## WHAT TO DO
Send back the data below exactly. Drop every picture.

(Data excerpts)

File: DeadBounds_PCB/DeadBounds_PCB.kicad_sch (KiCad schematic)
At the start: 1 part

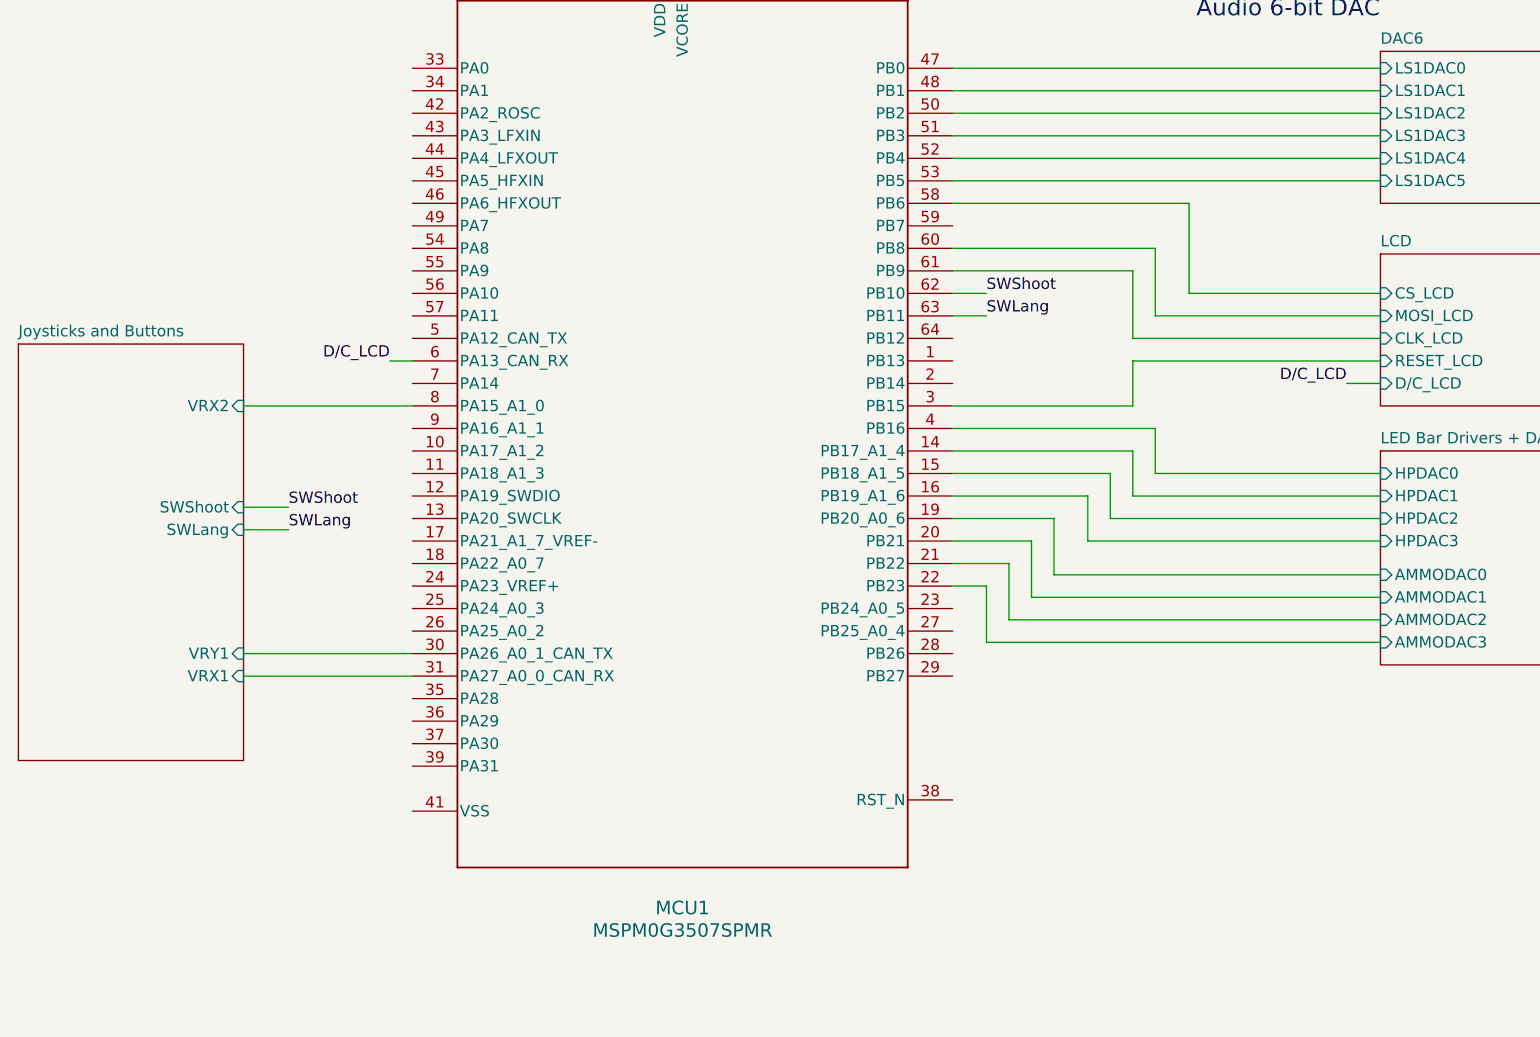
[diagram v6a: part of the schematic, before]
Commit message: Added amplifier circuit and additional jumpers to PCB
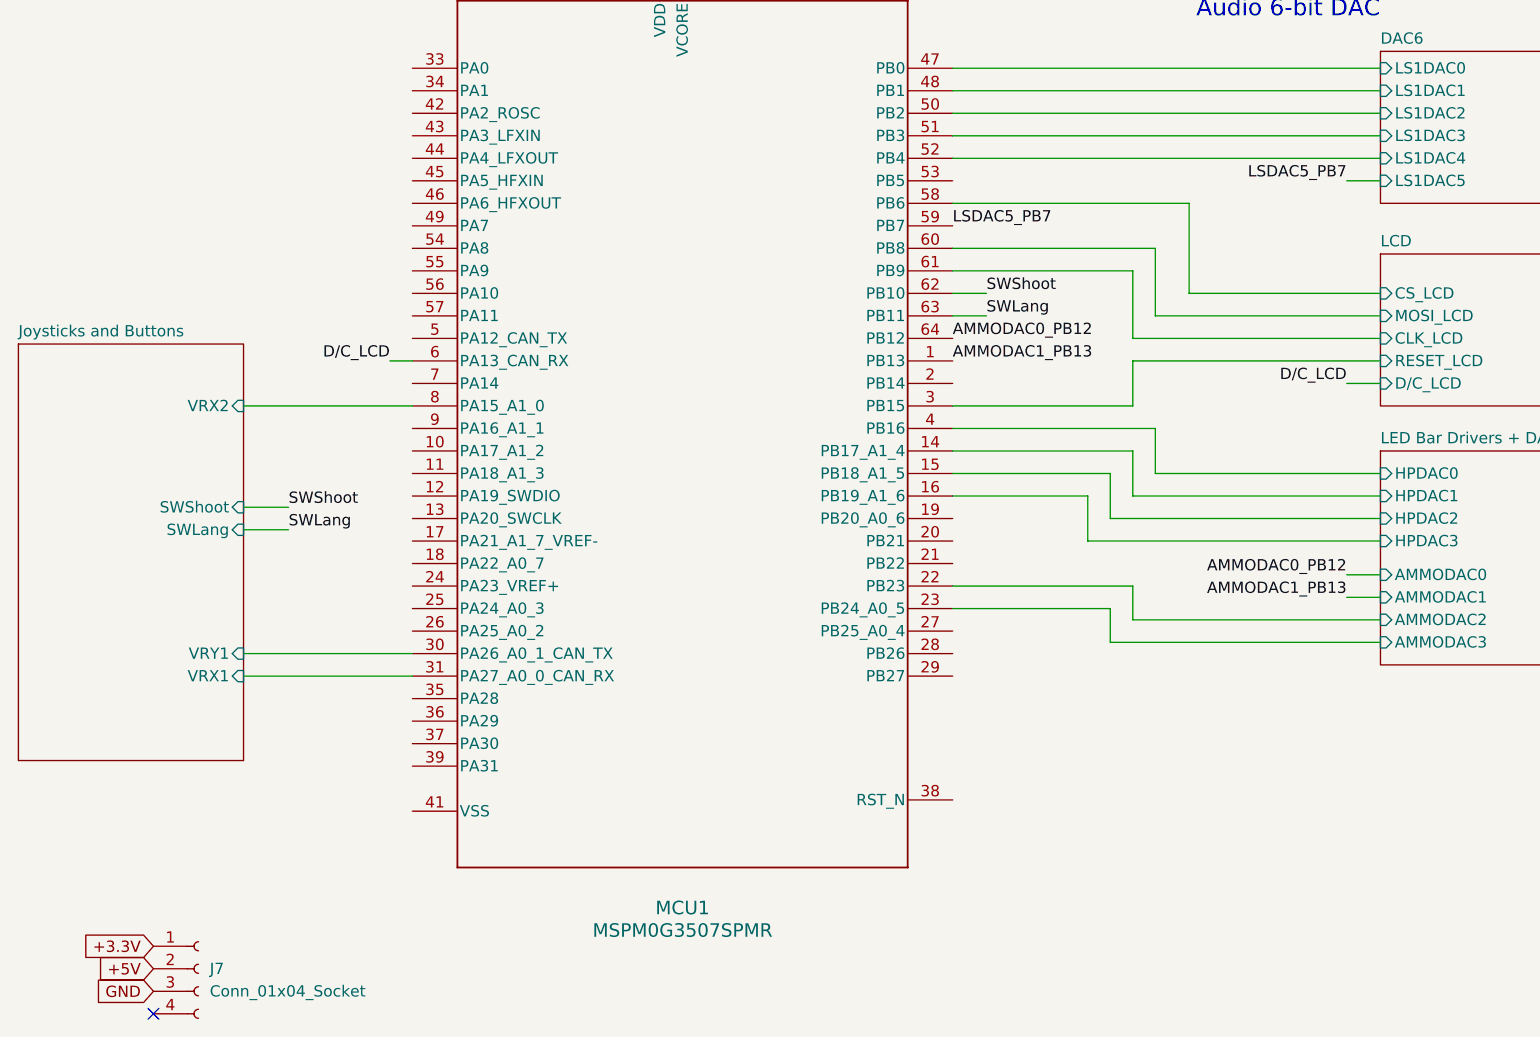
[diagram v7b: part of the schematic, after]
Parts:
- added J7: Conn_01x04_Socket, Connector_PinSocket_2.54mm:PinSocket_1x04_P2.54mm_Horizontal, symbol Connector:Conn_01x04_Socket
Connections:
- net LED Bar Drivers + DAC4s/AMMODAC2: now also MCU1.22 (PB23); no longer MCU1.21 (PB22)
- net LED Bar Drivers + DAC4s/AMMODAC3: now also MCU1.23 (PB24_A0_5); no longer MCU1.22 (PB23)
- net AMMODAC1_PB13: now reaches MCU1.1 (PB13)
- net LSDAC5_PB7: now reaches MCU1.59 (PB7)
- net AMMODAC0_PB12: now reaches MCU1.64 (PB12)
- net DAC6/LS1DAC5: no longer names the net of MCU1.53 (PB5)
- net LED Bar Drivers + DAC4s/AMMODAC0: no longer names the net of MCU1.19 (PB20_A0_6)
- net LED Bar Drivers + DAC4s/AMMODAC1: no longer names the net of MCU1.20 (PB21)
- new net +3.3V: J7.1 (Pin_1)
- new net +5V: J7.2 (Pin_2)
- new net GND: J7.3 (Pin_3)
- no-connect marks 0 -> 1
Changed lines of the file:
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@@
 		)
+	)
+	(no_connect
+		(at 137.16 149.86)
 	)
 	(wire
@@
 	(wire
 		(pts
+			(xy 247.65 105.41) (xy 275.59 105.41)
+		)
+		(stroke
+			(width 0)
+			(type default)
+		)
+	)
+	(wire
+		(pts
 			(xy 245.11 93.98) (xy 275.59 93.98)
 		)
@@
 	(wire
 		(pts
-			(xy 231.14 101.6) (xy 231.14 107.95)
-		)
-		(stroke
-			(width 0)
-			(type default)
-		)
-	)
-	(wire
-		(pts
 			(xy 245.11 88.9) (xy 245.11 93.98)
 		)
@@
 	(wire
 		(pts
-			(xy 238.76 100.33) (xy 275.59 100.33)
-		)
-		(stroke
-			(width 0)
-			(type default)
-		)
-	)
-	(wire
-		(pts
 			(xy 250.19 83.82) (xy 250.19 88.9)
 		)
@@
 	(wire
 		(pts
+			(xy 271.78 102.87) (xy 275.59 102.87)
+		)
+		(stroke
+			(width 0)
+			(type default)
+		)
+	)
+	(wire
+		(pts
 			(xy 250.19 63.5) (xy 250.19 71.12)
 		)
@@
 	(wire
 		(pts
-			(xy 236.22 102.87) (xy 275.59 102.87)
+			(xy 271.78 100.33) (xy 275.59 100.33)
 		)
 		(stroke
@@
 	(wire
 		(pts
+			(xy 247.65 105.41) (xy 247.65 101.6)
+		)
+		(stroke
+			(width 0)
+			(type default)
+		)
+	)
+	(wire
+		(pts
 			(xy 163.83 76.2) (xy 166.37 76.2)
 		)
@@
 	(wire
 		(pts
-			(xy 238.76 93.98) (xy 238.76 100.33)
-		)
-		(stroke
-			(width 0)
-			(type default)
-		)
-	)
-	(wire
-		(pts
 			(xy 231.14 68.58) (xy 227.33 68.58)
 		)
@@
 	(wire
 		(pts
-			(xy 227.33 96.52) (xy 236.22 96.52)
+			(xy 245.11 104.14) (xy 245.11 107.95)
 		)
 		(stroke
@@
 	(wire
 		(pts
-			(xy 227.33 55.88) (xy 275.59 55.88)
+			(xy 227.33 104.14) (xy 245.11 104.14)
 		)
 		(stroke
@@
 	(wire
 		(pts
-			(xy 227.33 99.06) (xy 233.68 99.06)
-		)
-		(stroke
-			(width 0)
-			(type default)
-		)
-	)
-	(wire
-		(pts
 			(xy 247.65 73.66) (xy 247.65 66.04)
 		)
@@
 	(wire
 		(pts
-			(xy 231.14 107.95) (xy 275.59 107.95)
-		)
-		(stroke
-			(width 0)
-			(type default)
-		)
-	)
-	(wire
-		(pts
-			(xy 236.22 96.52) (xy 236.22 102.87)
+			(xy 245.11 107.95) (xy 275.59 107.95)
 		)
 		(stroke
@@
 	(wire
 		(pts
-			(xy 227.33 101.6) (xy 231.14 101.6)
-		)
-		(stroke
-			(width 0)
-			(type default)
-		)
-	)
-	(wire
-		(pts
-			(xy 233.68 99.06) (xy 233.68 105.41)
+			(xy 247.65 101.6) (xy 227.33 101.6)
 		)
 		(stroke
@@
 	(wire
 		(pts
-			(xy 233.68 105.41) (xy 275.59 105.41)
-		)
-		(stroke
-			(width 0)
-			(type default)
-		)
-	)
-	(wire
-		(pts
 			(xy 227.33 53.34) (xy 275.59 53.34)
 		)
@@
 	(wire
 		(pts
+			(xy 271.78 55.88) (xy 275.59 55.88)
+		)
+		(stroke
+			(width 0)
+			(type default)
+		)
+	)
+	(wire
+		(pts
 			(xy 227.33 63.5) (xy 250.19 63.5)
 		)
@@
 	(wire
 		(pts
-			(xy 227.33 93.98) (xy 238.76 93.98)
-		)
-		(stroke
-			(width 0)
-			(type default)
-		)
-	)
-	(wire
-		(pts
 			(xy 247.65 86.36) (xy 247.65 91.44)
 		)
@@
 			(width 0)
 			(type default)
+		)
+	)
+	(label "AMMODAC1_PB13"
+		(at 271.78 102.87 180)
+		(effects
+			(font
+				(size 1.27 1.27)
+			)
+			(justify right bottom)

## RESPONSE BELOW
File: DeadBounds_PCB/DeadBounds_PCB.kicad_sch (KiCad schematic)
At the start: 1 part

[diagram v6a: part of the schematic, before]
Commit message: Added amplifier circuit and additional jumpers to PCB
[diagram v7b: part of the schematic, after]
Parts:
- added J7: Conn_01x04_Socket, Connector_PinSocket_2.54mm:PinSocket_1x04_P2.54mm_Horizontal, symbol Connector:Conn_01x04_Socket
Connections:
- net LED Bar Drivers + DAC4s/AMMODAC2: now also MCU1.22 (PB23); no longer MCU1.21 (PB22)
- net LED Bar Drivers + DAC4s/AMMODAC3: now also MCU1.23 (PB24_A0_5); no longer MCU1.22 (PB23)
- net AMMODAC1_PB13: now reaches MCU1.1 (PB13)
- net LSDAC5_PB7: now reaches MCU1.59 (PB7)
- net AMMODAC0_PB12: now reaches MCU1.64 (PB12)
- net DAC6/LS1DAC5: no longer names the net of MCU1.53 (PB5)
- net LED Bar Drivers + DAC4s/AMMODAC0: no longer names the net of MCU1.19 (PB20_A0_6)
- net LED Bar Drivers + DAC4s/AMMODAC1: no longer names the net of MCU1.20 (PB21)
- new net +3.3V: J7.1 (Pin_1)
- new net +5V: J7.2 (Pin_2)
- new net GND: J7.3 (Pin_3)
- no-connect marks 0 -> 1
Changed lines of the file:
@@
 		)
+	)
+	(no_connect
+		(at 137.16 149.86)
 	)
 	(wire
@@
 	(wire
 		(pts
+			(xy 247.65 105.41) (xy 275.59 105.41)
+		)
+		(stroke
+			(width 0)
+			(type default)
+		)
+	)
+	(wire
+		(pts
 			(xy 245.11 93.98) (xy 275.59 93.98)
 		)
@@
 	(wire
 		(pts
-			(xy 231.14 101.6) (xy 231.14 107.95)
-		)
-		(stroke
-			(width 0)
-			(type default)
-		)
-	)
-	(wire
-		(pts
 			(xy 245.11 88.9) (xy 245.11 93.98)
 		)
@@
 	(wire
 		(pts
-			(xy 238.76 100.33) (xy 275.59 100.33)
-		)
-		(stroke
-			(width 0)
-			(type default)
-		)
-	)
-	(wire
-		(pts
 			(xy 250.19 83.82) (xy 250.19 88.9)
 		)
@@
 	(wire
 		(pts
+			(xy 271.78 102.87) (xy 275.59 102.87)
+		)
+		(stroke
+			(width 0)
+			(type default)
+		)
+	)
+	(wire
+		(pts
 			(xy 250.19 63.5) (xy 250.19 71.12)
 		)
@@
 	(wire
 		(pts
-			(xy 236.22 102.87) (xy 275.59 102.87)
+			(xy 271.78 100.33) (xy 275.59 100.33)
 		)
 		(stroke
@@
 	(wire
 		(pts
+			(xy 247.65 105.41) (xy 247.65 101.6)
+		)
+		(stroke
+			(width 0)
+			(type default)
+		)
+	)
+	(wire
+		(pts
 			(xy 163.83 76.2) (xy 166.37 76.2)
 		)
@@
 	(wire
 		(pts
-			(xy 238.76 93.98) (xy 238.76 100.33)
-		)
-		(stroke
-			(width 0)
-			(type default)
-		)
-	)
-	(wire
-		(pts
 			(xy 231.14 68.58) (xy 227.33 68.58)
 		)
@@
 	(wire
 		(pts
-			(xy 227.33 96.52) (xy 236.22 96.52)
+			(xy 245.11 104.14) (xy 245.11 107.95)
 		)
 		(stroke
@@
 	(wire
 		(pts
-			(xy 227.33 55.88) (xy 275.59 55.88)
+			(xy 227.33 104.14) (xy 245.11 104.14)
 		)
 		(stroke
@@
 	(wire
 		(pts
-			(xy 227.33 99.06) (xy 233.68 99.06)
-		)
-		(stroke
-			(width 0)
-			(type default)
-		)
-	)
-	(wire
-		(pts
 			(xy 247.65 73.66) (xy 247.65 66.04)
 		)
@@
 	(wire
 		(pts
-			(xy 231.14 107.95) (xy 275.59 107.95)
-		)
-		(stroke
-			(width 0)
-			(type default)
-		)
-	)
-	(wire
-		(pts
-			(xy 236.22 96.52) (xy 236.22 102.87)
+			(xy 245.11 107.95) (xy 275.59 107.95)
 		)
 		(stroke
@@
 	(wire
 		(pts
-			(xy 227.33 101.6) (xy 231.14 101.6)
-		)
-		(stroke
-			(width 0)
-			(type default)
-		)
-	)
-	(wire
-		(pts
-			(xy 233.68 99.06) (xy 233.68 105.41)
+			(xy 247.65 101.6) (xy 227.33 101.6)
 		)
 		(stroke
@@
 	(wire
 		(pts
-			(xy 233.68 105.41) (xy 275.59 105.41)
-		)
-		(stroke
-			(width 0)
-			(type default)
-		)
-	)
-	(wire
-		(pts
 			(xy 227.33 53.34) (xy 275.59 53.34)
 		)
@@
 	(wire
 		(pts
+			(xy 271.78 55.88) (xy 275.59 55.88)
+		)
+		(stroke
+			(width 0)
+			(type default)
+		)
+	)
+	(wire
+		(pts
 			(xy 227.33 63.5) (xy 250.19 63.5)
 		)
@@
 	(wire
 		(pts
-			(xy 227.33 93.98) (xy 238.76 93.98)
-		)
-		(stroke
-			(width 0)
-			(type default)
-		)
-	)
-	(wire
-		(pts
 			(xy 247.65 86.36) (xy 247.65 91.44)
 		)
@@
 			(width 0)
 			(type default)
+		)
+	)
+	(label "AMMODAC1_PB13"
+		(at 271.78 102.87 180)
+		(effects
+			(font
+				(size 1.27 1.27)
+			)
+			(justify right bottom)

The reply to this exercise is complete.